*** Data shown Section Begins ***

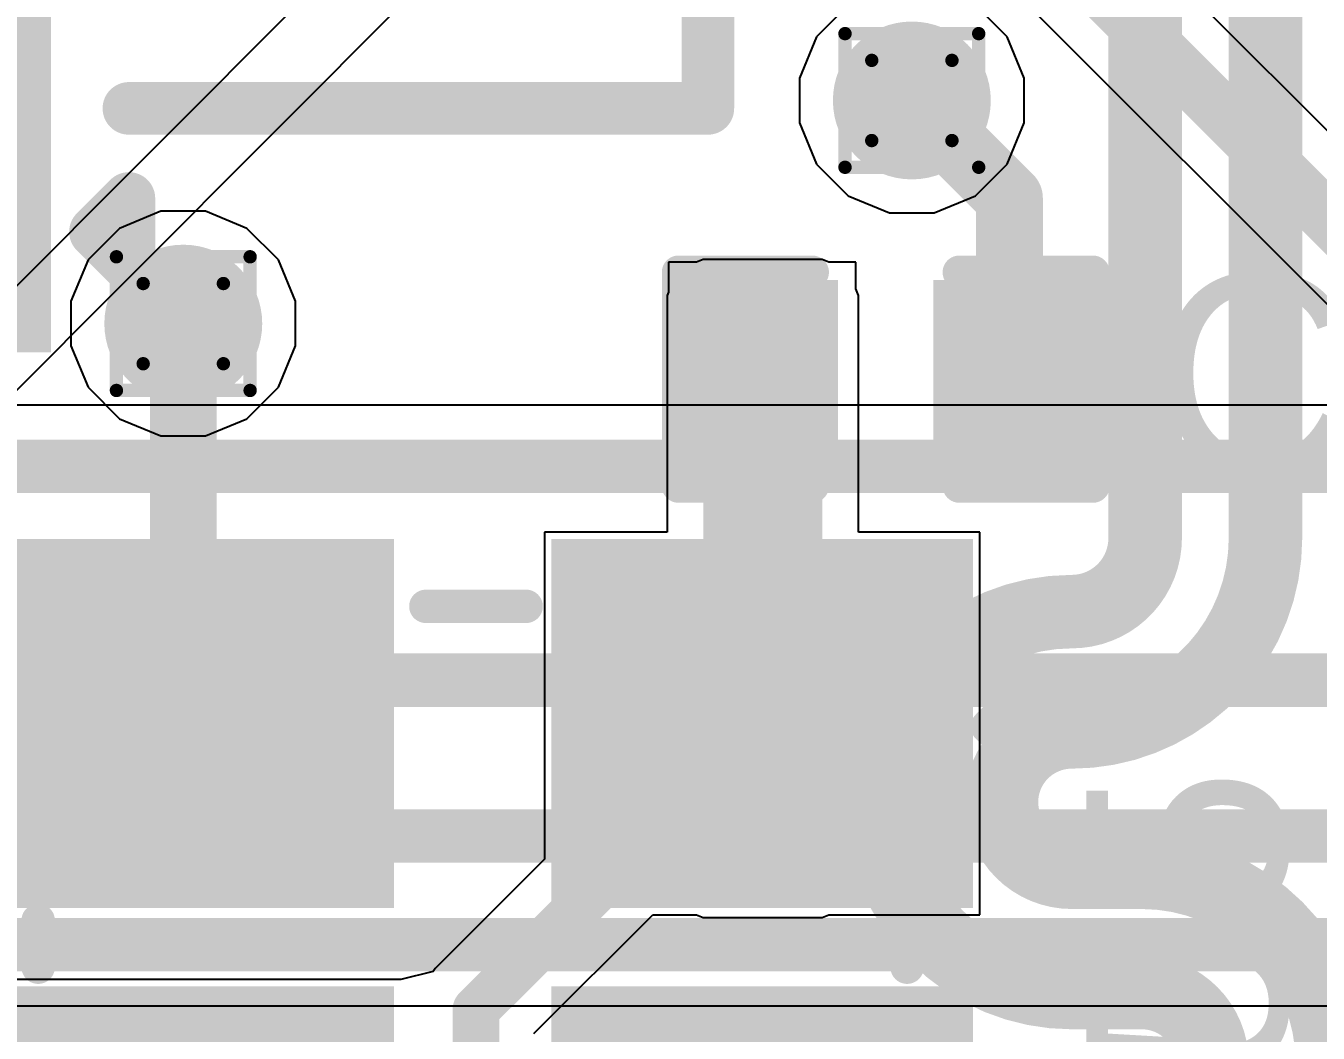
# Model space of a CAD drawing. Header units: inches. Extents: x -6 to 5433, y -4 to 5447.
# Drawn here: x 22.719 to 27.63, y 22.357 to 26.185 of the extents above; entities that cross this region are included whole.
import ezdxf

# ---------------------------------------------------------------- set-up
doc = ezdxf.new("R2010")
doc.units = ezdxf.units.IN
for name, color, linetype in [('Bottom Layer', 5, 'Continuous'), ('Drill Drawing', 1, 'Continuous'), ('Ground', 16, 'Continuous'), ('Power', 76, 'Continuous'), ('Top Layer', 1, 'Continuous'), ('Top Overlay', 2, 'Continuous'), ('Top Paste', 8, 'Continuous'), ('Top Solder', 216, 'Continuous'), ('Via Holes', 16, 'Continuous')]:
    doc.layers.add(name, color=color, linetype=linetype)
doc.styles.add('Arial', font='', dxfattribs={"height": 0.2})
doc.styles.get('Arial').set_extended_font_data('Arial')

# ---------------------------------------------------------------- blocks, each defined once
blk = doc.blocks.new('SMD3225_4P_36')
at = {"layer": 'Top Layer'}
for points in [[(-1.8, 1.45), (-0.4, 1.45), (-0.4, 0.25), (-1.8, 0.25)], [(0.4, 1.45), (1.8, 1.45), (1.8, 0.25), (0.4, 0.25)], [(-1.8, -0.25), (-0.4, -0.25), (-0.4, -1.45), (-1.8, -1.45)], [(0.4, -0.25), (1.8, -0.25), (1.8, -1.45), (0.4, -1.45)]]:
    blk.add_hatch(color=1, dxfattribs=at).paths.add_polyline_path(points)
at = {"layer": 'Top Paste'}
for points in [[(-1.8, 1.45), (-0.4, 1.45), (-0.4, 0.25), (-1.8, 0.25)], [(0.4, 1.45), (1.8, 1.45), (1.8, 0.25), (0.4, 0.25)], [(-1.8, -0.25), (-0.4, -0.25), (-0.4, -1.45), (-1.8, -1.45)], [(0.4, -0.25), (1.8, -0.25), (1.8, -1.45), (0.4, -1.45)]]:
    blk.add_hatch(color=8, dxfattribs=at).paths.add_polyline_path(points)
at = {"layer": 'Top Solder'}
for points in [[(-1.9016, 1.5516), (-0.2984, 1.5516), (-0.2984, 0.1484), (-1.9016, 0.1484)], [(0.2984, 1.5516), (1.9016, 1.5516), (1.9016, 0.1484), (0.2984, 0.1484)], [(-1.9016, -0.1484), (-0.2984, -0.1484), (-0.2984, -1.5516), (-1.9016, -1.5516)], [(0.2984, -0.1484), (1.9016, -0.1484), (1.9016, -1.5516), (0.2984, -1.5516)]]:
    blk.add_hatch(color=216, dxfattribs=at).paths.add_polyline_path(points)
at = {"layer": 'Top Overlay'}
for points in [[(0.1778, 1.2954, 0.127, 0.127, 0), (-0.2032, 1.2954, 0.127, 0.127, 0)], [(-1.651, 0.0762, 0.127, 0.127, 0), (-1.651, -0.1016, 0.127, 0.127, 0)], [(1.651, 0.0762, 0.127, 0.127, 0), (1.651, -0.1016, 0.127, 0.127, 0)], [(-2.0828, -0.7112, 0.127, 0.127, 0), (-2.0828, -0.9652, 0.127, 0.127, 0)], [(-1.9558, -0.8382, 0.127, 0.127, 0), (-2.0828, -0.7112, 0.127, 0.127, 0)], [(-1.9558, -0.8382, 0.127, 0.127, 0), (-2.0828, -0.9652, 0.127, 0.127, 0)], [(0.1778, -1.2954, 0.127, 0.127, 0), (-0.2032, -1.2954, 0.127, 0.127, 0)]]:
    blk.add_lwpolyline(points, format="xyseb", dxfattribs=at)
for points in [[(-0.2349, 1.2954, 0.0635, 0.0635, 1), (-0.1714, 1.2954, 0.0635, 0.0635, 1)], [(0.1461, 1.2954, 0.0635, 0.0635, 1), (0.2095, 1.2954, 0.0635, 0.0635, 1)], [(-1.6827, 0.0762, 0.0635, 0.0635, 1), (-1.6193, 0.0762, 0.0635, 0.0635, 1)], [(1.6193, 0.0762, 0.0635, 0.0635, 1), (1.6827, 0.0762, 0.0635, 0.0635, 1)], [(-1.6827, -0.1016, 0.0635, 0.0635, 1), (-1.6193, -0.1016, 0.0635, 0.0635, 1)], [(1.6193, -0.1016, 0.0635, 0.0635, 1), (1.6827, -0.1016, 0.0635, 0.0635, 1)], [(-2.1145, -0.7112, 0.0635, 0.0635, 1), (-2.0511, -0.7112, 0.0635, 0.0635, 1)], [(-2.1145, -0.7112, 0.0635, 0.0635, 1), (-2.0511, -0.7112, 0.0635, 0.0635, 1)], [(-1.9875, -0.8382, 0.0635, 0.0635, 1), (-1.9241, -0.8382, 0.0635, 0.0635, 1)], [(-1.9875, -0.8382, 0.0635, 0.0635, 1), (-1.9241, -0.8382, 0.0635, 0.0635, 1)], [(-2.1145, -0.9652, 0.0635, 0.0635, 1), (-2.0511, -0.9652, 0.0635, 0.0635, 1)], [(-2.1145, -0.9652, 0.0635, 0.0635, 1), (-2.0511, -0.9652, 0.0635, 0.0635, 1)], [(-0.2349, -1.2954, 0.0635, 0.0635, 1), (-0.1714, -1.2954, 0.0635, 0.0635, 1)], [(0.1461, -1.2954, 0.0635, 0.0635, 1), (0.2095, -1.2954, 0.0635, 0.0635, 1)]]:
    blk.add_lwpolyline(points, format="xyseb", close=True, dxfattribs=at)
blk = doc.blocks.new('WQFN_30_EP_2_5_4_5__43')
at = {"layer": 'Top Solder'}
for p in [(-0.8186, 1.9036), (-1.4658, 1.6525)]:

*** Data shown Section Ends ***

• _Goal of the exercise_
Take the entries shown above and quote them verbatim, passing over the pictures.

• _Written answer_
# Model space of a CAD drawing. Header units: inches. Extents: x -6 to 5433, y -4 to 5447.
# Drawn here: x 22.719 to 27.63, y 22.357 to 26.185 of the extents above; entities that cross this region are included whole.
import ezdxf

# ---------------------------------------------------------------- set-up
doc = ezdxf.new("R2010")
doc.units = ezdxf.units.IN
for name, color, linetype in [('Bottom Layer', 5, 'Continuous'), ('Drill Drawing', 1, 'Continuous'), ('Ground', 16, 'Continuous'), ('Power', 76, 'Continuous'), ('Top Layer', 1, 'Continuous'), ('Top Overlay', 2, 'Continuous'), ('Top Paste', 8, 'Continuous'), ('Top Solder', 216, 'Continuous'), ('Via Holes', 16, 'Continuous')]:
    doc.layers.add(name, color=color, linetype=linetype)
doc.styles.add('Arial', font='', dxfattribs={"height": 0.2})
doc.styles.get('Arial').set_extended_font_data('Arial')

# ---------------------------------------------------------------- blocks, each defined once
blk = doc.blocks.new('SMD3225_4P_36')
at = {"layer": 'Top Layer'}
for points in [[(-1.8, 1.45), (-0.4, 1.45), (-0.4, 0.25), (-1.8, 0.25)], [(0.4, 1.45), (1.8, 1.45), (1.8, 0.25), (0.4, 0.25)], [(-1.8, -0.25), (-0.4, -0.25), (-0.4, -1.45), (-1.8, -1.45)], [(0.4, -0.25), (1.8, -0.25), (1.8, -1.45), (0.4, -1.45)]]:
    blk.add_hatch(color=1, dxfattribs=at).paths.add_polyline_path(points)
at = {"layer": 'Top Paste'}
for points in [[(-1.8, 1.45), (-0.4, 1.45), (-0.4, 0.25), (-1.8, 0.25)], [(0.4, 1.45), (1.8, 1.45), (1.8, 0.25), (0.4, 0.25)], [(-1.8, -0.25), (-0.4, -0.25), (-0.4, -1.45), (-1.8, -1.45)], [(0.4, -0.25), (1.8, -0.25), (1.8, -1.45), (0.4, -1.45)]]:
    blk.add_hatch(color=8, dxfattribs=at).paths.add_polyline_path(points)
at = {"layer": 'Top Solder'}
for points in [[(-1.9016, 1.5516), (-0.2984, 1.5516), (-0.2984, 0.1484), (-1.9016, 0.1484)], [(0.2984, 1.5516), (1.9016, 1.5516), (1.9016, 0.1484), (0.2984, 0.1484)], [(-1.9016, -0.1484), (-0.2984, -0.1484), (-0.2984, -1.5516), (-1.9016, -1.5516)], [(0.2984, -0.1484), (1.9016, -0.1484), (1.9016, -1.5516), (0.2984, -1.5516)]]:
    blk.add_hatch(color=216, dxfattribs=at).paths.add_polyline_path(points)
at = {"layer": 'Top Overlay'}
for points in [[(0.1778, 1.2954, 0.127, 0.127, 0), (-0.2032, 1.2954, 0.127, 0.127, 0)], [(-1.651, 0.0762, 0.127, 0.127, 0), (-1.651, -0.1016, 0.127, 0.127, 0)], [(1.651, 0.0762, 0.127, 0.127, 0), (1.651, -0.1016, 0.127, 0.127, 0)], [(-2.0828, -0.7112, 0.127, 0.127, 0), (-2.0828, -0.9652, 0.127, 0.127, 0)], [(-1.9558, -0.8382, 0.127, 0.127, 0), (-2.0828, -0.7112, 0.127, 0.127, 0)], [(-1.9558, -0.8382, 0.127, 0.127, 0), (-2.0828, -0.9652, 0.127, 0.127, 0)], [(0.1778, -1.2954, 0.127, 0.127, 0), (-0.2032, -1.2954, 0.127, 0.127, 0)]]:
    blk.add_lwpolyline(points, format="xyseb", dxfattribs=at)
for points in [[(-0.2349, 1.2954, 0.0635, 0.0635, 1), (-0.1714, 1.2954, 0.0635, 0.0635, 1)], [(0.1461, 1.2954, 0.0635, 0.0635, 1), (0.2095, 1.2954, 0.0635, 0.0635, 1)], [(-1.6827, 0.0762, 0.0635, 0.0635, 1), (-1.6193, 0.0762, 0.0635, 0.0635, 1)], [(1.6193, 0.0762, 0.0635, 0.0635, 1), (1.6827, 0.0762, 0.0635, 0.0635, 1)], [(-1.6827, -0.1016, 0.0635, 0.0635, 1), (-1.6193, -0.1016, 0.0635, 0.0635, 1)], [(1.6193, -0.1016, 0.0635, 0.0635, 1), (1.6827, -0.1016, 0.0635, 0.0635, 1)], [(-2.1145, -0.7112, 0.0635, 0.0635, 1), (-2.0511, -0.7112, 0.0635, 0.0635, 1)], [(-2.1145, -0.7112, 0.0635, 0.0635, 1), (-2.0511, -0.7112, 0.0635, 0.0635, 1)], [(-1.9875, -0.8382, 0.0635, 0.0635, 1), (-1.9241, -0.8382, 0.0635, 0.0635, 1)], [(-1.9875, -0.8382, 0.0635, 0.0635, 1), (-1.9241, -0.8382, 0.0635, 0.0635, 1)], [(-2.1145, -0.9652, 0.0635, 0.0635, 1), (-2.0511, -0.9652, 0.0635, 0.0635, 1)], [(-2.1145, -0.9652, 0.0635, 0.0635, 1), (-2.0511, -0.9652, 0.0635, 0.0635, 1)], [(-0.2349, -1.2954, 0.0635, 0.0635, 1), (-0.1714, -1.2954, 0.0635, 0.0635, 1)], [(0.1461, -1.2954, 0.0635, 0.0635, 1), (0.2095, -1.2954, 0.0635, 0.0635, 1)]]:
    blk.add_lwpolyline(points, format="xyseb", close=True, dxfattribs=at)
blk = doc.blocks.new('WQFN_30_EP_2_5_4_5__43')
at = {"layer": 'Top Solder'}
for p in [(-0.8186, 1.9036), (-1.4658, 1.6525)]:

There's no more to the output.